Leaving all pictures aside, copy exactly the lines from the start of the listing below through the line that contains "#17=DIRECTION('',(1.,0.,0.));", and only those lines.

── Input

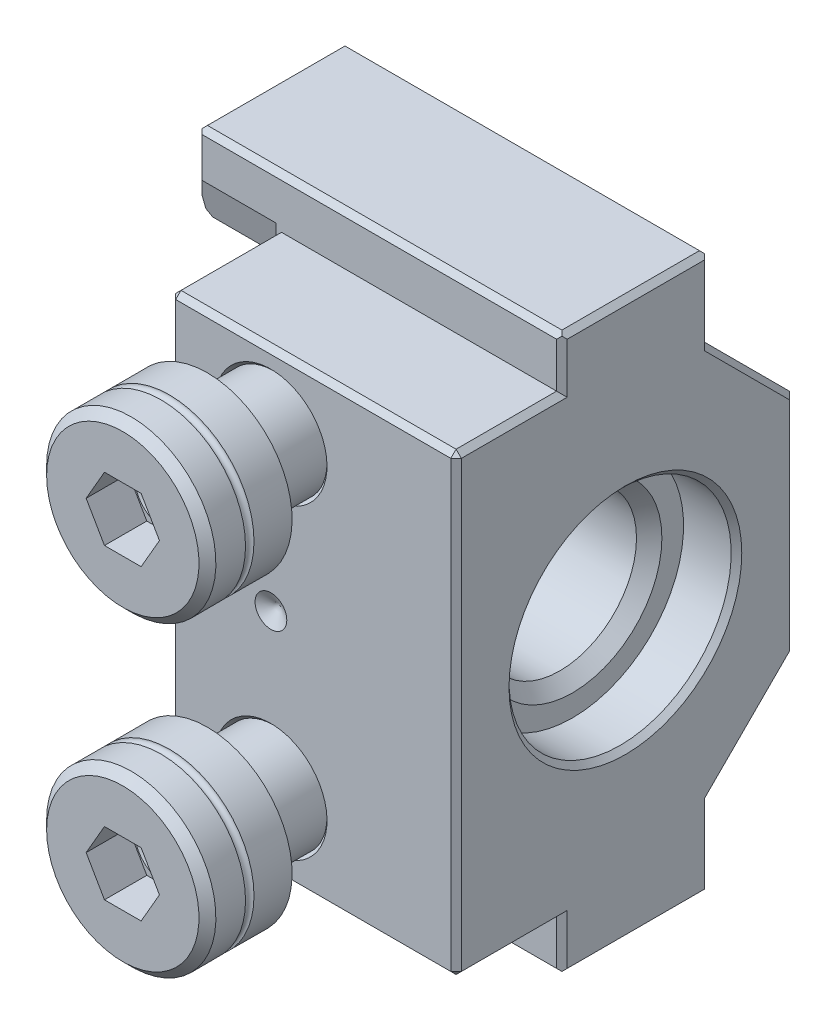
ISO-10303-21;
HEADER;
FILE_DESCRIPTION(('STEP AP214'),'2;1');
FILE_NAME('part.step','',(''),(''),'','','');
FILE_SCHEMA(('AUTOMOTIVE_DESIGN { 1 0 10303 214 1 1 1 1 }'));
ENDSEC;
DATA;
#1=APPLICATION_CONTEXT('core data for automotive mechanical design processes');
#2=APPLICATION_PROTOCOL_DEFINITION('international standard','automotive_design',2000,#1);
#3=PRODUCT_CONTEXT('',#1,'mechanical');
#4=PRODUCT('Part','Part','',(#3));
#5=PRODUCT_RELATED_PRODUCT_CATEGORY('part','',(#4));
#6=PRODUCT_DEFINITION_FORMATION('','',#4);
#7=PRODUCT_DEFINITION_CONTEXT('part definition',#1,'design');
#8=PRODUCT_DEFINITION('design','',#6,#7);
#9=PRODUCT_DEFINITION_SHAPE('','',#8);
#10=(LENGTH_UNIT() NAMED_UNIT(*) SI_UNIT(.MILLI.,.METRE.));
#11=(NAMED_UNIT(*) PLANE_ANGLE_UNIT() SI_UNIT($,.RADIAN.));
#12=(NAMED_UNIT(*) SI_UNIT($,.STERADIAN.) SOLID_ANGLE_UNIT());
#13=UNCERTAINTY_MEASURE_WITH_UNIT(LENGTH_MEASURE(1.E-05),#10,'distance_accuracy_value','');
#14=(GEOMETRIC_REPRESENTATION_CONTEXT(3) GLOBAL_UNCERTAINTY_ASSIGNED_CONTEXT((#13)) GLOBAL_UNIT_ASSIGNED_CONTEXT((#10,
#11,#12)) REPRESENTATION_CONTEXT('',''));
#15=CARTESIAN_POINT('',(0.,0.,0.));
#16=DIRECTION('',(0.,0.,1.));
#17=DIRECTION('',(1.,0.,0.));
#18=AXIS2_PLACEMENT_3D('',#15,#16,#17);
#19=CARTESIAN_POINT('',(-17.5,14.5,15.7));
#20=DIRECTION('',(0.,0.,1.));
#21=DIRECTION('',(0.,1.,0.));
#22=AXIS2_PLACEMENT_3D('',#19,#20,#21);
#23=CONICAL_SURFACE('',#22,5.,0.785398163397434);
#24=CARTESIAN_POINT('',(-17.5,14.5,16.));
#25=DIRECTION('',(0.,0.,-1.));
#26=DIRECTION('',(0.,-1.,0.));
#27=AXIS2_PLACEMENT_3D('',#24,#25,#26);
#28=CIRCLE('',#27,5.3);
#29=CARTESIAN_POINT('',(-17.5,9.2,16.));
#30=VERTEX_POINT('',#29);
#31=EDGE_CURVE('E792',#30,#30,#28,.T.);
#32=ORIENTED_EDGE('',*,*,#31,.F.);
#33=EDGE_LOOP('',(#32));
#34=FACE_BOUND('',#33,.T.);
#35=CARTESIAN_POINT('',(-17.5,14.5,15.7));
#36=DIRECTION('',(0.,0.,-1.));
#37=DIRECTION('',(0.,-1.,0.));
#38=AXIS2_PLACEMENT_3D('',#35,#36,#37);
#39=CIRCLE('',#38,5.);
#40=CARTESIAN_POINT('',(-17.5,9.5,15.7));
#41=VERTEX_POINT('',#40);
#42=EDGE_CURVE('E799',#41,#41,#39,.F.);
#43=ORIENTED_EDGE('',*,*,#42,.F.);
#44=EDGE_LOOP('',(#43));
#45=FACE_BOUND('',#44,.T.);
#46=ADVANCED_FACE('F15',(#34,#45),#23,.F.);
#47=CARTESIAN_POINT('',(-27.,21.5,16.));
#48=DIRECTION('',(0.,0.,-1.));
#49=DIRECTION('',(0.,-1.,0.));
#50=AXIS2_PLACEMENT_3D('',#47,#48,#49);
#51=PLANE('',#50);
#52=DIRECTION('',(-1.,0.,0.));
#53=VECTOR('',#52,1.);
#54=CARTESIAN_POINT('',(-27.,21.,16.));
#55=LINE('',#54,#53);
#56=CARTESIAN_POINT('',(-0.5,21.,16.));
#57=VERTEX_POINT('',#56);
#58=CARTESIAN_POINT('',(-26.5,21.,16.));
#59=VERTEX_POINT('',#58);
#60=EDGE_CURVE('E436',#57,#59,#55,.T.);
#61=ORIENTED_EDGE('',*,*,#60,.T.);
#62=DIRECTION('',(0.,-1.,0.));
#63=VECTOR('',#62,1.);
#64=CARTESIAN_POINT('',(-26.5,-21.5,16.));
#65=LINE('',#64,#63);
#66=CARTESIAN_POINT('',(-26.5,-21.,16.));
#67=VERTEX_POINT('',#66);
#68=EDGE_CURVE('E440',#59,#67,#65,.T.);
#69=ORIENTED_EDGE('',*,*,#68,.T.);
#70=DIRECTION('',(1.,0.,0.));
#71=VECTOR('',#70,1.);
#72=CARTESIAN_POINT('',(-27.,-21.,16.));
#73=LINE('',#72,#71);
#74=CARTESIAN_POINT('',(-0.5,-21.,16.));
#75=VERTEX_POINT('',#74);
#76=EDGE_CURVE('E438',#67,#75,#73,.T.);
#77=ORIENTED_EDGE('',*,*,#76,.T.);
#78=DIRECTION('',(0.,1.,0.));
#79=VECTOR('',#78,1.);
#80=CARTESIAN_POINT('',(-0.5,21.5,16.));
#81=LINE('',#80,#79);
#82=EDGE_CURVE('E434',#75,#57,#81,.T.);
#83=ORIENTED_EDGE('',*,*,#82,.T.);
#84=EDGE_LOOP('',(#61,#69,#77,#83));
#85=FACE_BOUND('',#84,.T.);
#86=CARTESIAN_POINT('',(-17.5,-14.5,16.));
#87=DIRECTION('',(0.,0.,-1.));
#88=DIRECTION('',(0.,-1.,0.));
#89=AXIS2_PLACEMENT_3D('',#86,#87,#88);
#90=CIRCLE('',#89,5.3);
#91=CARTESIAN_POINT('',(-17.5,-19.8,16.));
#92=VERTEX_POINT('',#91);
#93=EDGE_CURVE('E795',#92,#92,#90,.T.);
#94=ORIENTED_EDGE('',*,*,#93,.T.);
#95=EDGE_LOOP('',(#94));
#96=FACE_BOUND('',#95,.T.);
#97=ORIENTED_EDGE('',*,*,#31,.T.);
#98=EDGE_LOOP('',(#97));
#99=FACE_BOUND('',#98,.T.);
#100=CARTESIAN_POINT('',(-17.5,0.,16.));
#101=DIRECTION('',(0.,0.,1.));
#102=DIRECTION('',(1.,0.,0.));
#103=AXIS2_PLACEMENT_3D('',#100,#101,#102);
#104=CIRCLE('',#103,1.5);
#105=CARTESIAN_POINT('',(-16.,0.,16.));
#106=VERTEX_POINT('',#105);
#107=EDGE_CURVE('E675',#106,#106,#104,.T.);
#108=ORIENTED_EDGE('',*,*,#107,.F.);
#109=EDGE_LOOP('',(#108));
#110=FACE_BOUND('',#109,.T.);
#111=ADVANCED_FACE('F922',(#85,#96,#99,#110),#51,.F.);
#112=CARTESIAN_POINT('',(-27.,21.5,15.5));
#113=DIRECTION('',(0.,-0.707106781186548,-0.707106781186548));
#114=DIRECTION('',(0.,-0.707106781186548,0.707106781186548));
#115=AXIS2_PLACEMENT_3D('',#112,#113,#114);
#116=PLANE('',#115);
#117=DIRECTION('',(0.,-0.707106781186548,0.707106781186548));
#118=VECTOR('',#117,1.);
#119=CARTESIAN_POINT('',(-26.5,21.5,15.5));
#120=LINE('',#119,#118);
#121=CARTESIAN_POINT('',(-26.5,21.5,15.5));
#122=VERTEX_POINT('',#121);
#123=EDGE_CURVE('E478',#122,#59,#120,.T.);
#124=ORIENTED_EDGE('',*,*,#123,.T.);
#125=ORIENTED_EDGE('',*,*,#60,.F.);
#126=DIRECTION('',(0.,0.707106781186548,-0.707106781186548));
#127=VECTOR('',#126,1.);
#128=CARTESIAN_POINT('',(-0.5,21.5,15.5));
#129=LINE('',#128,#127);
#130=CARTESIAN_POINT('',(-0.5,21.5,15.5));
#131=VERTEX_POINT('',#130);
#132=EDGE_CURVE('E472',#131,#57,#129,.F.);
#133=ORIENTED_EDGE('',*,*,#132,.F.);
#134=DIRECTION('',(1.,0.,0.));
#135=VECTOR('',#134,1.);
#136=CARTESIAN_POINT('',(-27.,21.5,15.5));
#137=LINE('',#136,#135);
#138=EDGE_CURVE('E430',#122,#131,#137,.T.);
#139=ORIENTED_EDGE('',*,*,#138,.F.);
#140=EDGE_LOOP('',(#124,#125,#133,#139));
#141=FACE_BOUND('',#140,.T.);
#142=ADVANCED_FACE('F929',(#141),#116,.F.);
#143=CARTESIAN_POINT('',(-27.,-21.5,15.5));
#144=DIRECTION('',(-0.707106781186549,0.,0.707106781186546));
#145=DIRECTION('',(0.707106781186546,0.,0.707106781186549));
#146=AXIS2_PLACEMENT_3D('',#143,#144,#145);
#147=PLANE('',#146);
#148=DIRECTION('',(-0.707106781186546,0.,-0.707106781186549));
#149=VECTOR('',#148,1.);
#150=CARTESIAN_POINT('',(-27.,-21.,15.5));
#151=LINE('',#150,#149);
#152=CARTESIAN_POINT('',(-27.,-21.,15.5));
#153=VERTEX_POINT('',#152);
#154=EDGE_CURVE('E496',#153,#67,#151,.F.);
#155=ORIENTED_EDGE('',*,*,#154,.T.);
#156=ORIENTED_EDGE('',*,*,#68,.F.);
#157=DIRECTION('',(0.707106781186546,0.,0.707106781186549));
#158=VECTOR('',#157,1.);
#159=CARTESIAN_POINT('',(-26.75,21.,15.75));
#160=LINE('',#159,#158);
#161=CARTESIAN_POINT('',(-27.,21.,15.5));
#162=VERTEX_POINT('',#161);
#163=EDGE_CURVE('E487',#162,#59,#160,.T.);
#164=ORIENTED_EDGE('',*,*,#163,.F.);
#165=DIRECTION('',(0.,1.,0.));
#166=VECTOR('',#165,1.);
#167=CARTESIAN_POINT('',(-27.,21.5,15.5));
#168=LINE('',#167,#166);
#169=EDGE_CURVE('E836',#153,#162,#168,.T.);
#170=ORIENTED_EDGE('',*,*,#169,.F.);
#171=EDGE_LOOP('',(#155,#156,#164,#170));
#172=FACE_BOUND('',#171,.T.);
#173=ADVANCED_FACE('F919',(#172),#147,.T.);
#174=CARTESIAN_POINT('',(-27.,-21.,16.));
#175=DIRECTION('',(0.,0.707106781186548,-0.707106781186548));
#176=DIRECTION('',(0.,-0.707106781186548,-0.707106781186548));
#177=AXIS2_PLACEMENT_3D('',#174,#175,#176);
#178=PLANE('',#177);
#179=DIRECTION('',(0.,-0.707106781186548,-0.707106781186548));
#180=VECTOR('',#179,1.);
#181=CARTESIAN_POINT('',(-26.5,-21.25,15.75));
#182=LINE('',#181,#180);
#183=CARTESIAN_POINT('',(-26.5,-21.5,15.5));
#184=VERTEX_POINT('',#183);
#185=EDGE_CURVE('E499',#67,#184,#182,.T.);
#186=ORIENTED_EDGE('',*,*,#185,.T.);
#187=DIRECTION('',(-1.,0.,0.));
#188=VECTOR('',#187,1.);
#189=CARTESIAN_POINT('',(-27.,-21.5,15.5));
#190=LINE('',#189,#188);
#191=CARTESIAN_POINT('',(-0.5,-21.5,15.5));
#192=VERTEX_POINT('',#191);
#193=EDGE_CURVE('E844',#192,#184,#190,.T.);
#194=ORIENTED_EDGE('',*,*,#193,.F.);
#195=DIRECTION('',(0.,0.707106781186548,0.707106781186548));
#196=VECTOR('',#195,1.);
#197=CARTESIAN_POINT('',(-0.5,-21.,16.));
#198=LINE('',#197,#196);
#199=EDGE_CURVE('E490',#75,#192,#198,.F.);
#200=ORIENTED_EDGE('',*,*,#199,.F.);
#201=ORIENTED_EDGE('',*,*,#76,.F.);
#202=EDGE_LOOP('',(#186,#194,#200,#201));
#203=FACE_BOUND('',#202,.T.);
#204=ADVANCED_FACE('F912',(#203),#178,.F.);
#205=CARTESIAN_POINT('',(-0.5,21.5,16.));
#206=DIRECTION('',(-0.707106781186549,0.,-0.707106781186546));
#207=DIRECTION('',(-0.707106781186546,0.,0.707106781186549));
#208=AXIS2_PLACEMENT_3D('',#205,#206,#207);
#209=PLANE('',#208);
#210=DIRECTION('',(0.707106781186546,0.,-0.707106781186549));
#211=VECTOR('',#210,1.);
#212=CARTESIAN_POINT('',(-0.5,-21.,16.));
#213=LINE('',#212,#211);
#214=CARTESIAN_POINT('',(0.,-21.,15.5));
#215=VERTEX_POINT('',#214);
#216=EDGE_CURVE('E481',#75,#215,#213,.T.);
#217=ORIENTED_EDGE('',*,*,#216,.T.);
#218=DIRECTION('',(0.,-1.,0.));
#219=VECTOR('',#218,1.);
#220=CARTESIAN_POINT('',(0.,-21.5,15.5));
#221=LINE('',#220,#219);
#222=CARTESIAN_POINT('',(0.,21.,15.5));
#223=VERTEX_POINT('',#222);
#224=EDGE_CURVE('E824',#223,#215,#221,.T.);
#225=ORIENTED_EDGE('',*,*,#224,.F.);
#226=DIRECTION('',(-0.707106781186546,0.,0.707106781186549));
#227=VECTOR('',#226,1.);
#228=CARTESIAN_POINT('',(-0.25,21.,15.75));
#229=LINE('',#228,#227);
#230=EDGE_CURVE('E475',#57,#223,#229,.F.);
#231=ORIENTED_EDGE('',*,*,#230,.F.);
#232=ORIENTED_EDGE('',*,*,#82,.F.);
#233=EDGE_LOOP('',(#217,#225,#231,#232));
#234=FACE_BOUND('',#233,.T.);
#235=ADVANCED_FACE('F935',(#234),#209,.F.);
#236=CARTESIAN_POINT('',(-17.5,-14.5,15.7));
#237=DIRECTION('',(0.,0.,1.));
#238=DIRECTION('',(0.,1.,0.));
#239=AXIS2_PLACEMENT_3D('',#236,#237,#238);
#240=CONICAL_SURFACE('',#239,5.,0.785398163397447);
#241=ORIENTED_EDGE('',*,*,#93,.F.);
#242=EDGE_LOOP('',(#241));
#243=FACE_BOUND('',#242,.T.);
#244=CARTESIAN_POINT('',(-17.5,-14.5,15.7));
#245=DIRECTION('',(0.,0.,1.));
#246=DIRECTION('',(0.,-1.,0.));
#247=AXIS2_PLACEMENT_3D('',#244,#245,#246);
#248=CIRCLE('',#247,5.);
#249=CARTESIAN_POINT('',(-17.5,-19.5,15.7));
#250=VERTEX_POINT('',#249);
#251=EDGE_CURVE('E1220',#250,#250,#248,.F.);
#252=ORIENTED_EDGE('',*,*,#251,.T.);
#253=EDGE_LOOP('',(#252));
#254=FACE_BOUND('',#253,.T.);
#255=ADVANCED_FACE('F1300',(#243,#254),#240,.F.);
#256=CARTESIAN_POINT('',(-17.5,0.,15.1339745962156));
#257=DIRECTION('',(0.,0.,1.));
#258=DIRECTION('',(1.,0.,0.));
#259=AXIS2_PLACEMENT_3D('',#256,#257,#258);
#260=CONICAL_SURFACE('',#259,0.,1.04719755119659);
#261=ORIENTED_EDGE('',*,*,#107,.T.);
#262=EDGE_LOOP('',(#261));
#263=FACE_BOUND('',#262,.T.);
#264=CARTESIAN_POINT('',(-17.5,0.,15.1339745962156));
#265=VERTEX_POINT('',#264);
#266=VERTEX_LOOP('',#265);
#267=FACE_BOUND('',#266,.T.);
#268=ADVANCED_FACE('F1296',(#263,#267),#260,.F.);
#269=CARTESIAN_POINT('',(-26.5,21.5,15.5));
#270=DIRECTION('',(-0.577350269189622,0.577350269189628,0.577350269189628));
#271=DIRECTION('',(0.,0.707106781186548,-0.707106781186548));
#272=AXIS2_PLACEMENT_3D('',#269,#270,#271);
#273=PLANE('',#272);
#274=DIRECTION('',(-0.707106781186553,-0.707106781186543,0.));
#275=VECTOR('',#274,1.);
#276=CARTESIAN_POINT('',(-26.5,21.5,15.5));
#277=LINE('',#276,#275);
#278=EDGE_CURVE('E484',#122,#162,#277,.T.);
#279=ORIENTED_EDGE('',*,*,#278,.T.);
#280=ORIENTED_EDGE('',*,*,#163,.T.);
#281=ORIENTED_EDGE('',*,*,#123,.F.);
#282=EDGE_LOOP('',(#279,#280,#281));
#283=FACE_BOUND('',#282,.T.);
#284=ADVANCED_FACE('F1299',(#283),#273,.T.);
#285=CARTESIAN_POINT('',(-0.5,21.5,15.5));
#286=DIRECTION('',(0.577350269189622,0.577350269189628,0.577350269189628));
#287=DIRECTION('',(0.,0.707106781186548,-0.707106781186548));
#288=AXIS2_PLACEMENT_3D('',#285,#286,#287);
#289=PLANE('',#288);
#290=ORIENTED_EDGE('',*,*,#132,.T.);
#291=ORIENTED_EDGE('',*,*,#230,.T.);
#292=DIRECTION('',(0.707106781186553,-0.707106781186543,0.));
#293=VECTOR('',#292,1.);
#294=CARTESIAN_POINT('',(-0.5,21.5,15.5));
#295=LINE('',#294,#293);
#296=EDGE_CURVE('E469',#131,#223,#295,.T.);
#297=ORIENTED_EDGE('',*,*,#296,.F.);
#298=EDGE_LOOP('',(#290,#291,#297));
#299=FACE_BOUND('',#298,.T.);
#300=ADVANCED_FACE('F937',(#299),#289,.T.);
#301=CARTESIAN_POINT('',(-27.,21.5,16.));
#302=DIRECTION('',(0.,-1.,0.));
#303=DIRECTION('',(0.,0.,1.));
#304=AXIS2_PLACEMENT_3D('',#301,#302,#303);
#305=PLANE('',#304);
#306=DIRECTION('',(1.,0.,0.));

────

▶ _Response below_:
ISO-10303-21;
HEADER;
FILE_DESCRIPTION(('STEP AP214'),'2;1');
FILE_NAME('part.step','',(''),(''),'','','');
FILE_SCHEMA(('AUTOMOTIVE_DESIGN { 1 0 10303 214 1 1 1 1 }'));
ENDSEC;
DATA;
#1=APPLICATION_CONTEXT('core data for automotive mechanical design processes');
#2=APPLICATION_PROTOCOL_DEFINITION('international standard','automotive_design',2000,#1);
#3=PRODUCT_CONTEXT('',#1,'mechanical');
#4=PRODUCT('Part','Part','',(#3));
#5=PRODUCT_RELATED_PRODUCT_CATEGORY('part','',(#4));
#6=PRODUCT_DEFINITION_FORMATION('','',#4);
#7=PRODUCT_DEFINITION_CONTEXT('part definition',#1,'design');
#8=PRODUCT_DEFINITION('design','',#6,#7);
#9=PRODUCT_DEFINITION_SHAPE('','',#8);
#10=(LENGTH_UNIT() NAMED_UNIT(*) SI_UNIT(.MILLI.,.METRE.));
#11=(NAMED_UNIT(*) PLANE_ANGLE_UNIT() SI_UNIT($,.RADIAN.));
#12=(NAMED_UNIT(*) SI_UNIT($,.STERADIAN.) SOLID_ANGLE_UNIT());
#13=UNCERTAINTY_MEASURE_WITH_UNIT(LENGTH_MEASURE(1.E-05),#10,'distance_accuracy_value','');
#14=(GEOMETRIC_REPRESENTATION_CONTEXT(3) GLOBAL_UNCERTAINTY_ASSIGNED_CONTEXT((#13)) GLOBAL_UNIT_ASSIGNED_CONTEXT((#10,
#11,#12)) REPRESENTATION_CONTEXT('',''));
#15=CARTESIAN_POINT('',(0.,0.,0.));
#16=DIRECTION('',(0.,0.,1.));
#17=DIRECTION('',(1.,0.,0.));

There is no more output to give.